Umaro Sissoco Embaló : « Je suis cash et je ne changerai pas »

Africa-PressGuinee Bissau. Nicolas Sarkozy est son ami, les troisièmes mandats sont à proscrire, le Covid-Organics fonctionne… Entretien avec le Bissau-Guinéen Umaro Sissoco Embaló, un président hors norme et adepte du parler cru.

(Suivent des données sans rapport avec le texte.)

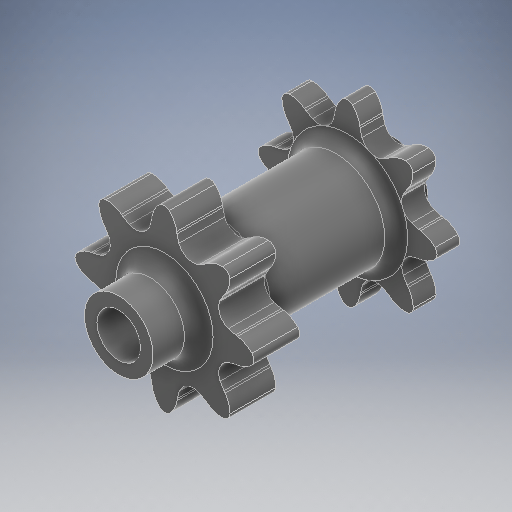
# Autodesk Inventor part: 6PSprocketElongated
Saved by Autodesk Inventor 2026.1 (Build 301233000, 233)
## iProperties
Created: 2025-10-13
Part Number: 6PSprocketElongated
Material: Plastic, Opaque Black
Document SubType Name: Modeling
Designer: Teddy
Density: 0.952 g/cm^3
Appearance: Smooth - Black
Author: Teddy
Autodesk Inventor part; units mm, degrees
ref_plane "YZ Plane" through (0, 0, 0) normal (1, 0, 0) x (0, 1, 0)
ref_plane "XZ Plane" through (0, 0, 0) normal (0, 1, 0) x (-1, 0, 0)
ref_plane "XY Plane" through (0, 0, 0) normal (0, 0, 1) x (1, 0, 0)
sketch "Sketch1" plane through (0, 0, 0) normal (0, 0, 1) x (1, 0, 0)
  spline S0 degree 3 poles (4.5605, -0.4358) (4.5398, -0.5666) (4.5107, -0.6964) (4.3363, -1.2739) (4.0837, -1.6899) (3.7565, -2.02) (3.7485, -2.028) (3.7404, -2.036) knots 0 0 0 0 0.215998 0.215998 0.980932 0.980932 1 1 1 1
  spline S1 degree 3 poles (3.7404, -2.036) (3.6739, -2.1011) (3.5927, -2.1577) (3.4009, -2.2429) (3.2878, -2.2658) (3.0745, -2.2664) (2.9612, -2.2441) (2.769, -2.1599) (2.6875, -2.1038) (2.6206, -2.039) knots 0 0 0 0 0.231931 0.231931 0.5 0.5 0.768069 0.768069 1 1 1 1
  spline S2 degree 3 poles (2.6206, -2.039) (2.6125, -2.0311) (2.6044, -2.0231) (2.2754, -1.6948) (2.0207, -1.2801) (1.8431, -0.7036) (1.8133, -0.5739) (1.7919, -0.4433) knots 0 0 0 0 0.019068 0.019068 0.784002 0.784002 1 1 1 1
  line L0 (1.7919, -0.4433) -> (1.757, -0.2271)
  spline S3 degree 3 poles (1.757, -0.2271) (1.7125, 0.0474) (1.6406, 0.3168) (1.549, 0.5685) knots 0 0 0 0 1 1 1 1
  ellipse E0 centre (-0.0213, 0.0205) end of major axis (-1.6252, 0.4958) minor radius 1.645 (1.549, 0.5685) -> (1.4956, 0.6969) ccw
  spline S4 degree 3 poles (1.4956, 0.6969) (1.4886, 0.712) (1.4813, 0.727) (1.4457, 0.7976) (1.4144, 0.852) (1.3798, 0.9048) knots 0 0 0 0 0.212597 0.212597 1 1 1 1
  arc A0 (1.3798, 0.9048) -> (-0.3446, 1.6136) centre (0, 0) ccw
  spline S5 degree 3 poles (-0.3446, 1.6136) (-0.4235, 1.5968) (-0.4998, 1.5744) (-0.5732, 1.5473) knots 0 0 0 0 1 1 1 1
  spline S6 degree 3 poles (-0.7014, 1.4935) (-0.9435, 1.3789) (-1.1841, 1.238) (-1.4088, 1.0742) knots 0 0 0 0 1 1 1 1
  ellipse E1 centre (0.0296, -0.0004) end of major axis (-1.4449, 0.7896) minor radius 1.645 (-0.5732, 1.5473) -> (-0.7014, 1.4935) ccw
  line L1 (-1.4088, 1.0742) -> (-1.5856, 0.945)
  spline S7 degree 3 poles (-1.5856, 0.945) (-1.6928, 0.8673) (-1.8052, 0.796) (-2.3368, 0.511) (-2.8095, 0.3954) (-3.2744, 0.3934) (-3.2857, 0.3934) (-3.297, 0.3935) knots 0 0 0 0 0.215998 0.215998 0.980932 0.980932 1 1 1 1
  spline S8 degree 3 poles (-3.297, 0.3935) (-3.3901, 0.3944) (-3.4875, 0.4119) (-3.6834, 0.4872) (-3.7796, 0.551) (-3.9308, 0.7015) (-3.9951, 0.7973) (-4.0715, 0.9927) (-4.0895, 1.0901) (-4.091, 1.1832) knots 0 0 0 0 0.231931 0.231931 0.5 0.5 0.768069 0.768069 1 1 1 1
  spline S9 degree 3 poles (-4.091, 1.1832) (-4.0911, 1.1945) (-4.0912, 1.2058) (-4.0917, 1.6706) (-3.9786, 2.144) (-3.6965, 2.6771) (-3.6258, 2.7899) (-3.5487, 2.8975) knots 0 0 0 0 0.019068 0.019068 0.784002 0.784002 1 1 1 1
  line L2 (-3.5487, 2.8975) -> (-3.4204, 3.075)
  spline S10 degree 3 poles (-3.4204, 3.075) (-3.2578, 3.3006) (-3.1182, 3.5419) (-3.0049, 3.7847) knots 0 0 0 0 1 1 1 1
  ellipse E2 centre (-4.5028, 4.5076) end of major axis (-5.3008, 5.9778) minor radius 1.645 (-3.0049, 3.7847) -> (-2.9519, 3.9132) ccw
  spline S11 degree 3 poles (-2.9519, 3.9132) (-2.9462, 3.9288) (-2.9407, 3.9446) (-2.9159, 4.0197) (-2.8996, 4.0803) (-2.8868, 4.1421) knots 0 0 0 0 0.212597 0.212597 1 1 1 1
  arc A1 (-2.8868, 4.1421) -> (-3.6049, 5.8627) centre (-4.5022, 4.478) ccw
  spline S12 degree 3 poles (-3.6049, 5.8627) (-3.6726, 5.9066) (-3.7424, 5.9447) (-3.8134, 5.9774) knots 0 0 0 0 1 1 1 1
  ellipse E3 centre (-4.4816, 4.4568) end of major axis (-4.9656, 6.058) minor radius 1.645 (-3.8134, 5.9774) -> (-3.9421, 6.03) ccw
  spline S13 degree 3 poles (-3.9421, 6.03) (-4.1943, 6.1202) (-4.4641, 6.1907) (-4.7388, 6.2338) knots 0 0 0 0 1 1 1 1
  line L3 (-4.7388, 6.2338) -> (-4.9552, 6.2674)
  spline S14 degree 3 poles (-4.9552, 6.2674) (-5.0859, 6.2882) (-5.2158, 6.3173) (-5.7932, 6.4917) (-6.2093, 6.7442) (-6.5394, 7.0715) (-6.5474, 7.0795) (-6.5553, 7.0876) knots 0 0 0 0 0.215998 0.215998 0.980932 0.980932 1 1 1 1
  spline S15 degree 3 poles (-6.5553, 7.0876) (-6.6205, 7.1541) (-6.677, 7.2353) (-6.7622, 7.427) (-6.7852, 7.5402) (-6.7857, 7.7535) (-6.7634, 7.8668) (-6.6793, 8.059) (-6.6232, 8.1405) (-6.5584, 8.2074) knots 0 0 0 0 0.231931 0.231931 0.5 0.5 0.768069 0.768069 1 1 1 1
  spline S16 degree 3 poles (-6.5584, 8.2074) (-6.5505, 8.2155) (-6.5425, 8.2235) (-6.2142, 8.5525) (-5.7995, 8.8073) (-5.223, 8.9848) (-5.0933, 9.0146) (-4.9627, 9.0361) knots 0 0 0 0 0.019068 0.019068 0.784002 0.784002 1 1 1 1
  line L4 (-4.9627, 9.0361) -> (-4.7465, 9.071)
  spline S17 degree 3 poles (-4.7465, 9.071) (-4.472, 9.1155) (-4.2026, 9.1874) (-3.9509, 9.279) knots 0 0 0 0 1 1 1 1
  ellipse E4 centre (-4.4988, 10.8493) end of major axis (-4.0235, 12.4532) minor radius 1.645 (-3.9509, 9.279) -> (-3.8225, 9.3324) ccw
  spline S18 degree 3 poles (-3.8225, 9.3324) (-3.7961, 9.3446) (-3.7696, 9.3578) (-3.6993, 9.3954) (-3.6564, 9.4208) (-3.6146, 9.4482) knots 0 0 0 0 0.378322 0.378322 1 1 1 1
  arc A2 (-3.6146, 9.4482) -> (-2.9058, 11.1726) centre (-4.5194, 10.828) ccw
  spline S19 degree 3 poles (-2.9058, 11.1726) (-2.9227, 11.2521) (-2.9451, 11.3283) (-2.9721, 11.4011) knots 0 0 0 0 1 1 1 1
  ellipse E5 centre (-4.5198, 10.7984) end of major axis (-3.7297, 12.2729) minor radius 1.645 (-2.9721, 11.4011) -> (-3.0258, 11.5293) ccw
  spline S20 degree 3 poles (-3.0258, 11.5293) (-3.1404, 11.7715) (-3.2813, 12.012) (-3.4451, 12.2368) knots 0 0 0 0 1 1 1 1
  line L5 (-3.4451, 12.2368) -> (-3.5743, 12.4136)
  spline S21 degree 3 poles (-3.5743, 12.4136) (-3.6521, 12.5207) (-3.7234, 12.6331) (-4.0083, 13.1648) (-4.124, 13.6375) (-4.126, 14.1023) (-4.126, 14.1136) (-4.1259, 14.125) knots 0 0 0 0 0.215998 0.215998 0.980932 0.980932 1 1 1 1
  spline S22 degree 3 poles (-4.1259, 14.125) (-4.125, 14.2181) (-4.1075, 14.3155) (-4.0321, 14.5113) (-3.9684, 14.6075) (-3.8179, 14.7588) (-3.722, 14.8231) (-3.5266, 14.8995) (-3.4293, 14.9175) (-3.3362, 14.9189) knots 0 0 0 0 0.231931 0.231931 0.5 0.5 0.768069 0.768069 1 1 1 1
  spline S23 degree 3 poles (-3.3362, 14.9189) (-3.3249, 14.9191) (-3.3136, 14.9192) (-2.8487, 14.9196) (-2.3754, 14.8066) (-1.8422, 14.5245) (-1.7294, 14.4538) (-1.6219, 14.3766) knots 0 0 0 0 0.019068 0.019068 0.784002 0.784002 1 1 1 1
  line L6 (-1.6219, 14.3766) -> (-1.4443, 14.2484)
  spline S24 degree 3 poles (-1.4443, 14.2484) (-1.2187, 14.0858) (-0.9774, 13.9462) (-0.7347, 13.8329) knots 0 0 0 0 1 1 1 1
  ellipse E6 centre (-0.0118, 15.3308) end of major axis (1.4584, 16.1288) minor radius 1.645 (-0.7347, 13.8329) -> (-0.6062, 13.7799) ccw
  spline S25 degree 3 poles (-0.6062, 13.7799) (-0.5905, 13.7742) (-0.5747, 13.7687) (-0.4996, 13.7439) (-0.439, 13.7276) (-0.3773, 13.7147) knots 0 0 0 0 0.212597 0.212597 1 1 1 1
  arc A3 (-0.3773, 13.7147) -> (1.3433, 14.4329) centre (-0.0414, 15.3302) ccw
  spline S26 degree 3 poles (1.3433, 14.4329) (1.3872, 14.5006) (1.4253, 14.5704) (1.458, 14.6414) knots 0 0 0 0 1 1 1 1
  ellipse E7 centre (-0.0626, 15.3096) end of major axis (1.5387, 15.7935) minor radius 1.645 (1.458, 14.6414) -> (1.5106, 14.7701) ccw
  spline S27 degree 3 poles (1.5106, 14.7701) (1.6008, 15.0223) (1.6713, 15.292) (1.7144, 15.5668) knots 0 0 0 0 1 1 1 1
  line L7 (1.7144, 15.5668) -> (1.7481, 15.7832)
  spline S28 degree 3 poles (1.7481, 15.7832) (1.7688, 15.9139) (1.7979, 16.0438) (1.9723, 16.6212) (2.2249, 17.0372) (2.5521, 17.3674) (2.5601, 17.3754) (2.5682, 17.3833) knots 0 0 0 0 0.215998 0.215998 0.980932 0.980932 1 1 1 1
  spline S29 degree 3 poles (2.5682, 17.3833) (2.6347, 17.4485) (2.7159, 17.505) (2.9077, 17.5902) (3.0208, 17.6131) (3.2341, 17.6137) (3.3474, 17.5914) (3.5396, 17.5072) (3.6211, 17.4511) (3.688, 17.3863) knots 0 0 0 0 0.231931 0.231931 0.5 0.5 0.768069 0.768069 1 1 1 1
  spline S30 degree 3 poles (3.688, 17.3863) (3.6961, 17.3784) (3.7042, 17.3705) (4.0332, 17.0421) (4.2879, 16.6275) (4.4655, 16.051) (4.4953, 15.9213) (4.5167, 15.7906) knots 0 0 0 0 0.019068 0.019068 0.784002 0.784002 1 1 1 1
  line L8 (4.5167, 15.7906) -> (4.5516, 15.5744)
  spline S31 degree 3 poles (4.5516, 15.5744) (4.5961, 15.2999) (4.668, 15.0306) (4.7596, 14.7788) knots 0 0 0 0 1 1 1 1
  ellipse E8 centre (6.3299, 15.3268) end of major axis (7.9338, 14.8515) minor radius 1.645 (4.7596, 14.7788) -> (4.813, 14.6505) ccw
  spline S32 degree 3 poles (4.813, 14.6505) (4.82, 14.6354) (4.8273, 14.6203) (4.8629, 14.5497) (4.8942, 14.4953) (4.9288, 14.4425) knots 0 0 0 0 0.212597 0.212597 1 1 1 1
  arc A4 (4.9288, 14.4425) -> (6.6532, 13.7337) centre (6.3086, 15.3473) ccw
  spline S33 degree 3 poles (6.6532, 13.7337) (6.7321, 13.7506) (6.8084, 13.7729) (6.8818, 13.8001) knots 0 0 0 0 1 1 1 1
  ellipse E9 centre (6.279, 15.3478) end of major axis (7.7535, 14.5577) minor radius 1.645 (6.8818, 13.8001) -> (7.01, 13.8538) ccw
  spline S34 degree 3 poles (7.01, 13.8538) (7.2521, 13.9684) (7.4927, 14.1093) (7.7174, 14.2731) knots 0 0 0 0 1 1 1 1
  line L9 (7.7174, 14.2731) -> (7.8942, 14.4023)
  spline S35 degree 3 poles (7.8942, 14.4023) (8.0014, 14.4801) (8.1138, 14.5513) (8.6454, 14.8363) (9.1181, 14.9519) (9.583, 14.954) (9.5943, 14.954) (9.6056, 14.9539) knots 0 0 0 0 0.215998 0.215998 0.980932 0.980932 1 1 1 1
  spline S36 degree 3 poles (9.6056, 14.9539) (9.6987, 14.9529) (9.7961, 14.9355) (9.992, 14.8601) (10.0882, 14.7963) (10.2394, 14.6459) (10.3037, 14.55) (10.3801, 14.3546) (10.3981, 14.2573) (10.3996, 14.1642) knots 0 0 0 0 0.231931 0.231931 0.5 0.5 0.768069 0.768069 1 1 1 1
  spline S37 degree 3 poles (10.3996, 14.1642) (10.3997, 14.1528) (10.3998, 14.1415) (10.4003, 13.6767) (10.2872, 13.2033) (10.0051, 12.6702) (9.9344, 12.5574) (9.8573, 12.4498) knots 0 0 0 0 0.019068 0.019068 0.784002 0.784002 1 1 1 1
  line L10 (9.8573, 12.4498) -> (9.729, 12.2723)
  spline S38 degree 3 poles (9.729, 12.2723) (9.5664, 12.0467) (9.4268, 11.8054) (9.3135, 11.5626) knots 0 0 0 0 1 1 1 1
  spline S39 degree 3 poles (9.3135, 11.5626) (9.2941, 11.52) (9.2763, 11.4771) (9.2605, 11.4341) knots 0 0 0 0 1 1 1 1
  spline S40 degree 3 poles (9.2605, 11.4341) (9.2548, 11.4185) (9.2493, 11.4027) (9.2245, 11.3276) (9.2082, 11.267) (9.1954, 11.2052) knots 0 0 0 0 0.212597 0.212597 1 1 1 1
  arc A5 (9.1954, 11.2052) -> (9.9135, 9.4847) centre (10.8108, 10.8693) ccw
  spline S41 degree 3 poles (9.9135, 9.4847) (9.9812, 9.4408) (10.051, 9.4026) (10.122, 9.37) knots 0 0 0 0 1 1 1 1
  ellipse E10 centre (10.7902, 10.8906) end of major axis (11.2742, 9.2893) minor radius 1.645 (10.122, 9.37) -> (10.2507, 9.3173) ccw
  spline S42 degree 3 poles (10.2507, 9.3173) (10.5029, 9.2271) (10.7727, 9.1567) (11.0474, 9.1136) knots 0 0 0 0 1 1 1 1
  line L11 (11.0474, 9.1136) -> (11.2638, 9.0799)
  spline S43 degree 3 poles (11.2638, 9.0799) (11.3945, 9.0591) (11.5244, 9.03) (12.1018, 8.8556) (12.5179, 8.6031) (12.848, 8.2759) (12.856, 8.2679) (12.8639, 8.2598) knots 0 0 0 0 0.215998 0.215998 0.980932 0.980932 1 1 1 1
  spline S44 degree 3 poles (12.8639, 8.2598) (12.9291, 8.1933) (12.9856, 8.1121) (13.0708, 7.9203) (13.0938, 7.8072) (13.0943, 7.5938) (13.072, 7.4806) (12.9879, 7.2884) (12.9318, 7.2068) (12.867, 7.14) knots 0 0 0 0 0.231931 0.231931 0.5 0.5 0.768069 0.768069 1 1 1 1
  spline S45 degree 3 poles (12.867, 7.14) (12.859, 7.1319) (12.8511, 7.1238) (12.5228, 6.7948) (12.1081, 6.54) (11.5316, 6.3625) (11.4019, 6.3327) (11.2713, 6.3112) knots 0 0 0 0 0.019068 0.019068 0.784002 0.784002 1 1 1 1
  line L12 (11.2713, 6.3112) -> (11.0551, 6.2764)
  spline S46 degree 3 poles (11.0551, 6.2764) (10.7806, 6.2318) (10.5112, 6.1599) (10.2595, 6.0683) knots 0 0 0 0 1 1 1 1
  ellipse E11 centre (10.8074, 4.498) end of major axis (10.3321, 2.8941) minor radius 1.645 (10.2595, 6.0683) -> (10.1311, 6.015) ccw
  spline S47 degree 3 poles (10.1311, 6.015) (10.116, 6.008) (10.101, 6.0007) (10.0303, 5.9651) (9.976, 5.9338) (9.9232, 5.8992) knots 0 0 0 0 0.212597 0.212597 1 1 1 1
  arc A6 (9.9232, 5.8992) -> (9.2144, 4.1748) centre (10.828, 4.5194) ccw
  spline S48 degree 3 poles (9.2144, 4.1748) (9.2312, 4.0959) (9.2536, 4.0195) (9.2807, 3.9462) knots 0 0 0 0 1 1 1 1
  ellipse E12 centre (10.8284, 4.549) end of major axis (10.0383, 3.0745) minor radius 1.645 (9.2807, 3.9462) -> (9.3344, 3.818) ccw
  spline S49 degree 3 poles (9.3344, 3.818) (9.449, 3.5759) (9.5899, 3.3353) (9.7537, 3.1106) knots 0 0 0 0 1 1 1 1
  line L13 (9.7537, 3.1106) -> (9.8829, 2.9338)
  spline S50 degree 3 poles (9.8829, 2.9338) (9.9607, 2.8266) (10.032, 2.7142) (10.3169, 2.1826) (10.4326, 1.7098) (10.4346, 1.245) (10.4346, 1.2337) (10.4345, 1.2224) knots 0 0 0 0 0.215998 0.215998 0.980932 0.980932 1 1 1 1
  spline S51 degree 3 poles (10.4345, 1.2224) (10.4336, 1.1293) (10.4161, 1.0318) (10.3407, 0.836) (10.277, 0.7398) (10.1265, 0.5885) (10.0306, 0.5242) (9.8352, 0.4478) (9.7379, 0.4298) (9.6448, 0.4284) knots 0 0 0 0 0.231931 0.231931 0.5 0.5 0.768069 0.768069 1 1 1 1
  spline S52 degree 3 poles (9.6448, 0.4284) (9.6335, 0.4283) (9.6222, 0.4282) (9.1573, 0.4277) (8.684, 0.5408) (8.1508, 0.8229) (8.038, 0.8935) (7.9305, 0.9707) knots 0 0 0 0 0.019068 0.019068 0.784002 0.784002 1 1 1 1
  line L14 (7.9305, 0.9707) -> (7.7529, 1.099)
  spline S53 degree 3 poles (7.7529, 1.099) (7.5273, 1.2615) (7.286, 1.4012) (7.0433, 1.5144) knots 0 0 0 0 1 1 1 1
  ellipse E13 centre (6.3204, 0.0166) end of major axis (4.8502, -0.7815) minor radius 1.645 (7.0433, 1.5144) -> (6.9148, 1.5675) ccw
  spline S54 degree 3 poles (6.9148, 1.5675) (6.8991, 1.5732) (6.8833, 1.5786) (6.8082, 1.6034) (6.7476, 1.6197) (6.6859, 1.6326) knots 0 0 0 0 0.212597 0.212597 1 1 1 1
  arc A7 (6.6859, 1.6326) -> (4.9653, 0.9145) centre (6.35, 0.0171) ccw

« Kim Jong Un ». Ainsi ses aînés chefs d’État de la Cedeao ont-ils surnommé le benjamin et « rookie » du club, Umaro Sissoco Embaló, président de la Guinée-Bissau depuis un peu moins de sept mois. À cause de son visage poupin peut-être, mais surtout précise le concerné qui s’en amuse, « parce que je remets de l’ordre et que je répète à mes compatriotes qu’il n’y a désormais qu’un seul chef : moi ».

Né d’une mère malinké et d’un père peul, au sein d’une famille dont les membres vivent entre la Guinée-Bissau, le Mali, le Burkina Faso et la Guinée Conakry, ce chef d’État atypique a une obsession : démontrer que son petit pays de deux millions d’habitants, ancienne colonie portugaise au passé chaotique et à la réputation longtemps sulfureuse, est désormais devenu respectable.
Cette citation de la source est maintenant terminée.